- _Aim of the task_: Only one stretch of the listing below is wanted. Give it again exactly, from the line with "#85=DIRECTION('',(1.,0.,0.));" through the line with "#91=EDGE_CURVE('E472',#82,#90,#88,.T.);".

- _Data provided_:
◇ ◇ ◇ ◇ ◇

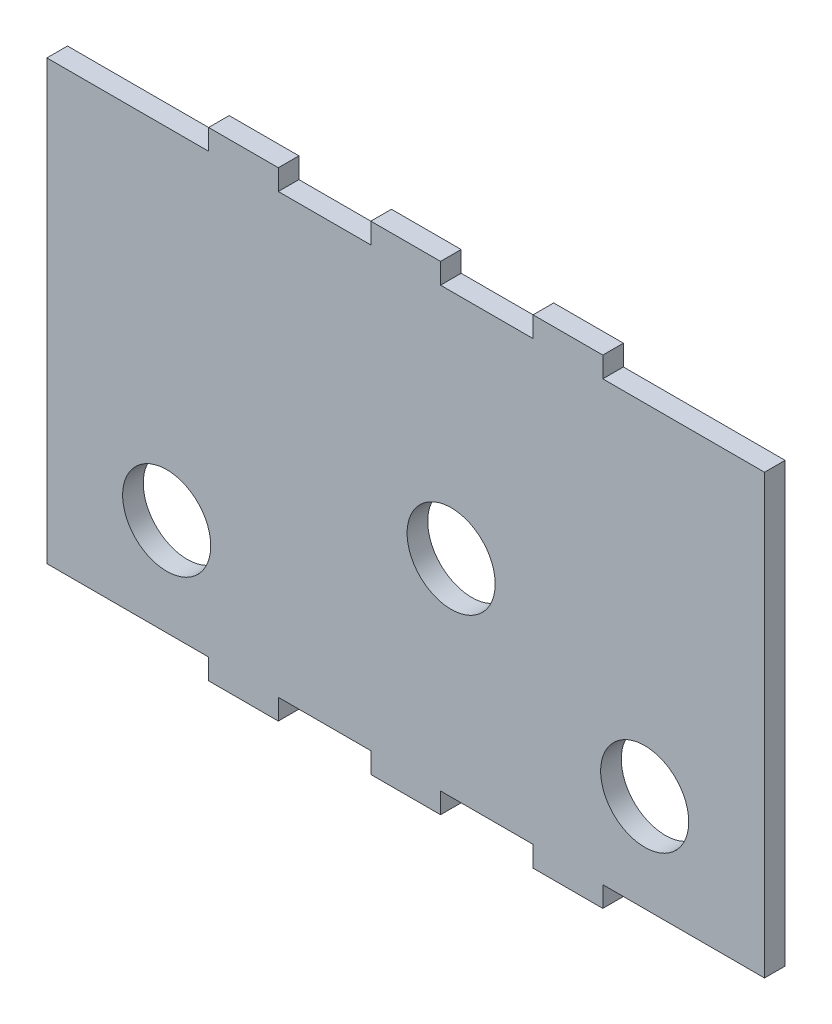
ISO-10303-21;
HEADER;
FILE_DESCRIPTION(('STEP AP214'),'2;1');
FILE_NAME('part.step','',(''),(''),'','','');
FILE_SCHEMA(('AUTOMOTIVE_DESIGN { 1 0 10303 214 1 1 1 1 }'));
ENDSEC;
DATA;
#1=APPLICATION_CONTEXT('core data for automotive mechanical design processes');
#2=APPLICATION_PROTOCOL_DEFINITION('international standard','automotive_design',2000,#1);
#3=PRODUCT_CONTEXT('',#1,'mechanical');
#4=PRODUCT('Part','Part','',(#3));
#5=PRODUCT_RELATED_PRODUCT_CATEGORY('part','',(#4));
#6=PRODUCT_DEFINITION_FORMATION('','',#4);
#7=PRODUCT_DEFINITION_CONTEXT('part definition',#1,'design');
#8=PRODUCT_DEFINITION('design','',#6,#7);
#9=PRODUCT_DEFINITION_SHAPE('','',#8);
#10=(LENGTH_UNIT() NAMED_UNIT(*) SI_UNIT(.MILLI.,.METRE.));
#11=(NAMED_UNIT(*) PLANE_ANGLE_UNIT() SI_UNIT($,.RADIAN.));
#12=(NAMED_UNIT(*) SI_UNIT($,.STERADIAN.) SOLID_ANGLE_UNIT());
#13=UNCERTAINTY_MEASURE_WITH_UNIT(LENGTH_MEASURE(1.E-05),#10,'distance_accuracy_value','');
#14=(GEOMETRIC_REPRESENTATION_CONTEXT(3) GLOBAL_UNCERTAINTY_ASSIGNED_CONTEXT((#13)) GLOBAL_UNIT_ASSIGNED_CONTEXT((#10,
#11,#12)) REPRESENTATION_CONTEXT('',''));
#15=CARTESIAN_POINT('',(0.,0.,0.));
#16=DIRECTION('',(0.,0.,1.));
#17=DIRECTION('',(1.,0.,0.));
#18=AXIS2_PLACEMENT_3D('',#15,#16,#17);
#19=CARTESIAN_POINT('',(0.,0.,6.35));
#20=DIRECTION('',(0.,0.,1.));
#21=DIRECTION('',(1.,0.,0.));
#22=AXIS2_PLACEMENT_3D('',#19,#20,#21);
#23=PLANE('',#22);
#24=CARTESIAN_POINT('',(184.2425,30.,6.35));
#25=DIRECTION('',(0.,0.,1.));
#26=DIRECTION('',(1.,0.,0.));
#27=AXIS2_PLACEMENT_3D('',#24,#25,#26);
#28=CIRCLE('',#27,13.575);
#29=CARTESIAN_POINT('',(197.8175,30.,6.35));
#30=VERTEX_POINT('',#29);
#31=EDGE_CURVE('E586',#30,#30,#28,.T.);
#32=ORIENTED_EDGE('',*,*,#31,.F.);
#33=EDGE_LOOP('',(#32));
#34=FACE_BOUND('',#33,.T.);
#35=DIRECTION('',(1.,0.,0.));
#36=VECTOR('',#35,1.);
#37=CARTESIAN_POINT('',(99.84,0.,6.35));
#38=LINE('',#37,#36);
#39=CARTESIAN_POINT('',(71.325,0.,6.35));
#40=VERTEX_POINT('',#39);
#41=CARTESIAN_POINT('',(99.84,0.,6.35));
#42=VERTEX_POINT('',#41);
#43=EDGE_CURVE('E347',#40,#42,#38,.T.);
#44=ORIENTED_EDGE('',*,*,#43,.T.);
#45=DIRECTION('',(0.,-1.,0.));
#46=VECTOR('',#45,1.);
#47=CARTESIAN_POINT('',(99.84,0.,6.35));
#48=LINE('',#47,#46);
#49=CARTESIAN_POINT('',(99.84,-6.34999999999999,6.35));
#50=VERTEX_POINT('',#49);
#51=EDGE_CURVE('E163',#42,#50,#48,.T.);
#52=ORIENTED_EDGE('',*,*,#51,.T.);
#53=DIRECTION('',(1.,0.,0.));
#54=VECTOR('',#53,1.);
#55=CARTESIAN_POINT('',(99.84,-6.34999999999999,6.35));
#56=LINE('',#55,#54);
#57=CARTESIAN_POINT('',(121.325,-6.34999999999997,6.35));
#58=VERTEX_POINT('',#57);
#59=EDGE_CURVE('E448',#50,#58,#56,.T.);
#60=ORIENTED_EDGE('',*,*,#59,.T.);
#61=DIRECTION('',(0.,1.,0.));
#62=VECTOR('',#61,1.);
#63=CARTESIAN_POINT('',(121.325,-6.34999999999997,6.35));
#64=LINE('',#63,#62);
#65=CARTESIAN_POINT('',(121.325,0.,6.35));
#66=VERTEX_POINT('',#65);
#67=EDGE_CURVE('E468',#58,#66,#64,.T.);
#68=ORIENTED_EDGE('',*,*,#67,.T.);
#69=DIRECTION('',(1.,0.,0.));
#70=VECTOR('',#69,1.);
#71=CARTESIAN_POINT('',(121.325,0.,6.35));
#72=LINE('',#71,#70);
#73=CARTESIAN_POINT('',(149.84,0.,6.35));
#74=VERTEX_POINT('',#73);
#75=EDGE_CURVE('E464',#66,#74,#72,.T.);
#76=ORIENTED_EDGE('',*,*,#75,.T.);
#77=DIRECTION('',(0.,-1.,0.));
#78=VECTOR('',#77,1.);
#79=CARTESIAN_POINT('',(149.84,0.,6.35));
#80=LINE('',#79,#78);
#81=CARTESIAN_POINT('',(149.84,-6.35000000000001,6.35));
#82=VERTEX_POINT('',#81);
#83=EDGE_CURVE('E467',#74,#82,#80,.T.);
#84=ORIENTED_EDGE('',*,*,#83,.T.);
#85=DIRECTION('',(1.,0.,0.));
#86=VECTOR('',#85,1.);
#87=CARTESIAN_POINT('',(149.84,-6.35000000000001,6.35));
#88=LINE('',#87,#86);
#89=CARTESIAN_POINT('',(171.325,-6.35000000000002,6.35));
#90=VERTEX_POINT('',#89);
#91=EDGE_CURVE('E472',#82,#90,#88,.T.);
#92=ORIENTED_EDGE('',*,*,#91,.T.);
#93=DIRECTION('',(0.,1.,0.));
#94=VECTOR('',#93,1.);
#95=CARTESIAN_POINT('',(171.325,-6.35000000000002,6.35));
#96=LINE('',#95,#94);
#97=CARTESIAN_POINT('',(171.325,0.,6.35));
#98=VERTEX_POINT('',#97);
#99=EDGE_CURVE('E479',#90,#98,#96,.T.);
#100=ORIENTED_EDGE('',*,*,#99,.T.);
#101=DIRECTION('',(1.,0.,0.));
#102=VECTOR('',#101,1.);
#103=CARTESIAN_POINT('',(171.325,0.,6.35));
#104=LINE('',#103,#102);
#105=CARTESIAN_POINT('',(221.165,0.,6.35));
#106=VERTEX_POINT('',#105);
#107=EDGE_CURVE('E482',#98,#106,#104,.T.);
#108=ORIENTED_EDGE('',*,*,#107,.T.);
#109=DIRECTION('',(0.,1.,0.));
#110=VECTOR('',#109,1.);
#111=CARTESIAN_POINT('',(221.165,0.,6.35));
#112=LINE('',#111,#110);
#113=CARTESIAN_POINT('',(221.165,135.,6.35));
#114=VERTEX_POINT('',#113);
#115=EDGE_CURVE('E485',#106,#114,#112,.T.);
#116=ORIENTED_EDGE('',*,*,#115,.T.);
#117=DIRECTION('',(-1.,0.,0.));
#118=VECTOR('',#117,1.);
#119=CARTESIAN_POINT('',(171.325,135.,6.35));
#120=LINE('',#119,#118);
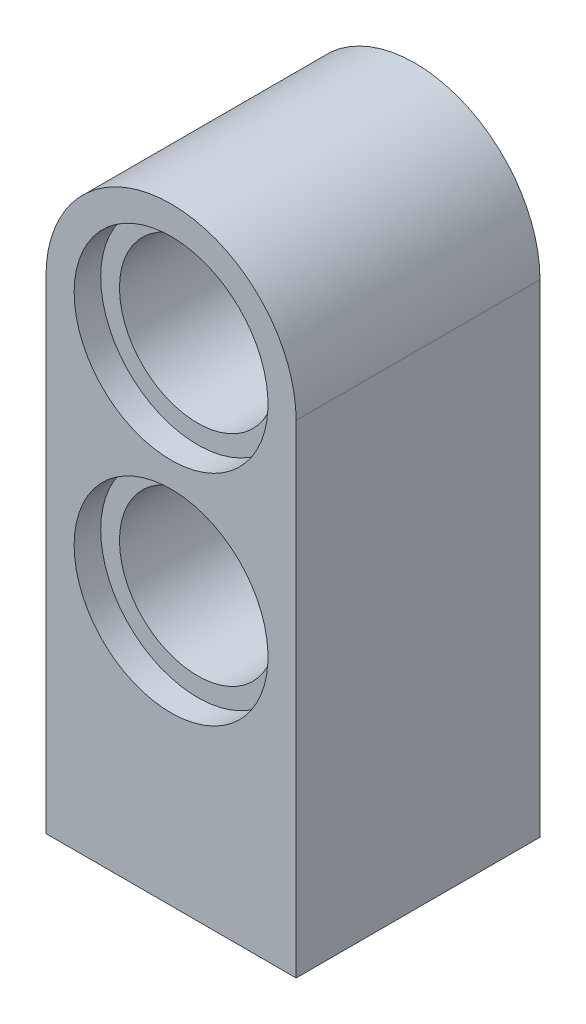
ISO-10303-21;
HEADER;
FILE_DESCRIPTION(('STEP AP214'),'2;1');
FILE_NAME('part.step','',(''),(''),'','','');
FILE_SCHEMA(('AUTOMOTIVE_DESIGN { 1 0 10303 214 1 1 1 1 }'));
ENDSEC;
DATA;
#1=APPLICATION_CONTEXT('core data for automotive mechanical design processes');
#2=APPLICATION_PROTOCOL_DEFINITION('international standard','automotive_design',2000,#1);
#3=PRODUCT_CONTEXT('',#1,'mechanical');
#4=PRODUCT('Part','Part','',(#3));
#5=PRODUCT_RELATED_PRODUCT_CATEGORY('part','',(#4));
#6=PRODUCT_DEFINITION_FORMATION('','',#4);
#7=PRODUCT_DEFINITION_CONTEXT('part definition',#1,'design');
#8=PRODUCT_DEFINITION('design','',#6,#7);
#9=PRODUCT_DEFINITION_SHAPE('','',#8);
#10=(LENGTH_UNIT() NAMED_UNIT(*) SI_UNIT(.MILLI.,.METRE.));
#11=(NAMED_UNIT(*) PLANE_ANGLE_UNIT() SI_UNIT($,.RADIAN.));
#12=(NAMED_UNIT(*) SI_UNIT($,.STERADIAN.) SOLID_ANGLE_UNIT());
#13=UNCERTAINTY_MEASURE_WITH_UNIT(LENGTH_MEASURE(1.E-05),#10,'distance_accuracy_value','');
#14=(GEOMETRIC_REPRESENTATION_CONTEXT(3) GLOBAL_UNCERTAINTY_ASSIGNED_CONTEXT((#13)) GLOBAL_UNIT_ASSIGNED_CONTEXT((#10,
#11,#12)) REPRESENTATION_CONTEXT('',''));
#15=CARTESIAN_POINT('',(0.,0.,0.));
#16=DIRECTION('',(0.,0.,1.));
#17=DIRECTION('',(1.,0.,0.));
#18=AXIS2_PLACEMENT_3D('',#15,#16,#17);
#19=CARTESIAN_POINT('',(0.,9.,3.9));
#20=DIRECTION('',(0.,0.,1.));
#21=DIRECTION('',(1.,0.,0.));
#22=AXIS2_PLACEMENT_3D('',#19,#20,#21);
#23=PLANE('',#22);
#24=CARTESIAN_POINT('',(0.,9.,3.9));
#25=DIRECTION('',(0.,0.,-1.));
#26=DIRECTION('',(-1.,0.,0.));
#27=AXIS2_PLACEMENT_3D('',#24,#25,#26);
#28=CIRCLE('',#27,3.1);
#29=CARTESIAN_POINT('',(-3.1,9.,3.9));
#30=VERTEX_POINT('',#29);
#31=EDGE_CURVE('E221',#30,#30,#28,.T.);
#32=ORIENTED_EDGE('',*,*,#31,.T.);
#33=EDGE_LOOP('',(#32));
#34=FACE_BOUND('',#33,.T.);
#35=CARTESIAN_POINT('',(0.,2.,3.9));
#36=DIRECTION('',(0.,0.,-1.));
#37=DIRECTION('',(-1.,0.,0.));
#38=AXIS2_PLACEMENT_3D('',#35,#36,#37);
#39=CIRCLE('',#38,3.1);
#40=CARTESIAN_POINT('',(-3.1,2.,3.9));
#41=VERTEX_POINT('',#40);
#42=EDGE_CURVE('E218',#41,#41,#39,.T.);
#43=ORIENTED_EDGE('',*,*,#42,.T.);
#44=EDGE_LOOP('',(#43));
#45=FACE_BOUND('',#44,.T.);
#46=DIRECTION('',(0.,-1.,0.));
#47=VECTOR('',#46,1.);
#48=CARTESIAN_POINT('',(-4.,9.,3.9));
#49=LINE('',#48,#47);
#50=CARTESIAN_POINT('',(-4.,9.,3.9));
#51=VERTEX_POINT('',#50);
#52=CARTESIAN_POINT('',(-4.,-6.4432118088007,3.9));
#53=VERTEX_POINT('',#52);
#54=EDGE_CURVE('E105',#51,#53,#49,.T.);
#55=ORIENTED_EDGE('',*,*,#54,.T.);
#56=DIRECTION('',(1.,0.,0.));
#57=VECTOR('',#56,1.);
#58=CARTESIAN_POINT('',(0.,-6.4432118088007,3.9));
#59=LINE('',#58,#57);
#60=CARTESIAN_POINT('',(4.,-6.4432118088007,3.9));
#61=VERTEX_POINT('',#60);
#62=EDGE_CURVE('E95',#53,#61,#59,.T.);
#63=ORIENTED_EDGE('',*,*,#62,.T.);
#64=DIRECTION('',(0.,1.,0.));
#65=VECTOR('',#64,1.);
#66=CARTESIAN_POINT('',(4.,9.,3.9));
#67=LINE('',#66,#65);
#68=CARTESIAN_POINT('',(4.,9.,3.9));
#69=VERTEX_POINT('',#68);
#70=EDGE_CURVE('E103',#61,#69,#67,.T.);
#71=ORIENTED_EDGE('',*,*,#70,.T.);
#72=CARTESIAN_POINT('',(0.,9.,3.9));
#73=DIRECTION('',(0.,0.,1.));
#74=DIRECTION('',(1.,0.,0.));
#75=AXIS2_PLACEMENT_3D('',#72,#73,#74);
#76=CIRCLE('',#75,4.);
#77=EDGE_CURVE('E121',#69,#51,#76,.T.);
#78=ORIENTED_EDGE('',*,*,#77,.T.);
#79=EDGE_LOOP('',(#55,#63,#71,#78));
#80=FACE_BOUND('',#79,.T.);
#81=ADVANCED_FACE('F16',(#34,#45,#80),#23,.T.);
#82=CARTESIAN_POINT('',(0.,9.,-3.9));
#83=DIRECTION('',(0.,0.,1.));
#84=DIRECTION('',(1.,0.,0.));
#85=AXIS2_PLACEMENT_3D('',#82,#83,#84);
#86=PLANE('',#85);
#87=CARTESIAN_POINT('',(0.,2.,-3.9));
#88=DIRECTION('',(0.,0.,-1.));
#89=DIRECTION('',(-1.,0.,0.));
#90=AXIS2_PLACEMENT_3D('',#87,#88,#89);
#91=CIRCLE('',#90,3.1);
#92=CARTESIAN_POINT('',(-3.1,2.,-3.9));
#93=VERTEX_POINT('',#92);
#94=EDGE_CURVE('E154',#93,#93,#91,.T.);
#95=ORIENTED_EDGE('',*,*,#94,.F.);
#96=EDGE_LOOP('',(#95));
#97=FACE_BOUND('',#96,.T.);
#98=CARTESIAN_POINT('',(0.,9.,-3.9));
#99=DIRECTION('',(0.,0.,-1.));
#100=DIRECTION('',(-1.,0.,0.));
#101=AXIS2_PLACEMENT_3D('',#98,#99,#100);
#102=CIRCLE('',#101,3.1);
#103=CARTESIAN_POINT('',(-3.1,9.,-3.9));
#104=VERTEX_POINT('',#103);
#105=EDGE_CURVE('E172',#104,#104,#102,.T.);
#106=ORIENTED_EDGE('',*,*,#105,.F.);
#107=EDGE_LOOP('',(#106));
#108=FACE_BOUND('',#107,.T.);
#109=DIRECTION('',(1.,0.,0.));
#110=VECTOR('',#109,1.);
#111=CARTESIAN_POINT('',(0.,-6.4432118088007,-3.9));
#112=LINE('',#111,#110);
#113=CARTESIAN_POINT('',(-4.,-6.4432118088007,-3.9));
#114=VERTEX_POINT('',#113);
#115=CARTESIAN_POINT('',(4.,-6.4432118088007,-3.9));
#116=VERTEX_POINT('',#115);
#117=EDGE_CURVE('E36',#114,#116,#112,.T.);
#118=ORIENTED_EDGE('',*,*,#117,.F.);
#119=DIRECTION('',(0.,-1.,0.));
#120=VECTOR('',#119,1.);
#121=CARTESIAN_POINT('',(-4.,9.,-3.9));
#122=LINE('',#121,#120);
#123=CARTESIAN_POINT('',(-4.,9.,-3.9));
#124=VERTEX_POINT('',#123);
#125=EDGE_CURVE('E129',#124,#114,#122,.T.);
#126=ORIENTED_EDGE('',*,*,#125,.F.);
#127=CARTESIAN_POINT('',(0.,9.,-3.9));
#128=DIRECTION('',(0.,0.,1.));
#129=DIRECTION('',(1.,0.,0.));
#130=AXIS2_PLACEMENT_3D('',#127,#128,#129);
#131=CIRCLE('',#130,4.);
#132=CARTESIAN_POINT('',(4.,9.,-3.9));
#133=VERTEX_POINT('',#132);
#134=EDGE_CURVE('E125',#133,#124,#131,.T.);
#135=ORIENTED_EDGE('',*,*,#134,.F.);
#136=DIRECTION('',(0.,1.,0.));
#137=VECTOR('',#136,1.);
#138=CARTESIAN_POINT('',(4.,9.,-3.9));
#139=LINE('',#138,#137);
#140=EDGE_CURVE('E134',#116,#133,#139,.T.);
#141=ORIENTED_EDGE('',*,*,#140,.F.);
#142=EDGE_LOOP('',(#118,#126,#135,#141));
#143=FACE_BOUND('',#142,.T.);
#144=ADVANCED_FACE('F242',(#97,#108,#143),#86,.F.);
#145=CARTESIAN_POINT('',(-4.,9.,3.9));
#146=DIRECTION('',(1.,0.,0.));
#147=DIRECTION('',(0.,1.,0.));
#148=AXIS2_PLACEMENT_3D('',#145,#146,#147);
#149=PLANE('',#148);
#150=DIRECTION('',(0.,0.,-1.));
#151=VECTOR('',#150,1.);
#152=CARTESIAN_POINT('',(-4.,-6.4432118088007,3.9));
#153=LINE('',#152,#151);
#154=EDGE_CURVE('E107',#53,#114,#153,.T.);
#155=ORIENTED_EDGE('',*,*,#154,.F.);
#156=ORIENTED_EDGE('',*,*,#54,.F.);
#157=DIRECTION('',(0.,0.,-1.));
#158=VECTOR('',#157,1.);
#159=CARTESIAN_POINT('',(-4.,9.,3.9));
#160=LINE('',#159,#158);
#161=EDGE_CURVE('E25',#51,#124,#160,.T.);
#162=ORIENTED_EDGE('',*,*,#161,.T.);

◇ ◇ ◇ ◇ ◇

- _Reply_:
#85=DIRECTION('',(1.,0.,0.));
#86=VECTOR('',#85,1.);
#87=CARTESIAN_POINT('',(149.84,-6.35000000000001,6.35));
#88=LINE('',#87,#86);
#89=CARTESIAN_POINT('',(171.325,-6.35000000000002,6.35));
#90=VERTEX_POINT('',#89);
#91=EDGE_CURVE('E472',#82,#90,#88,.T.);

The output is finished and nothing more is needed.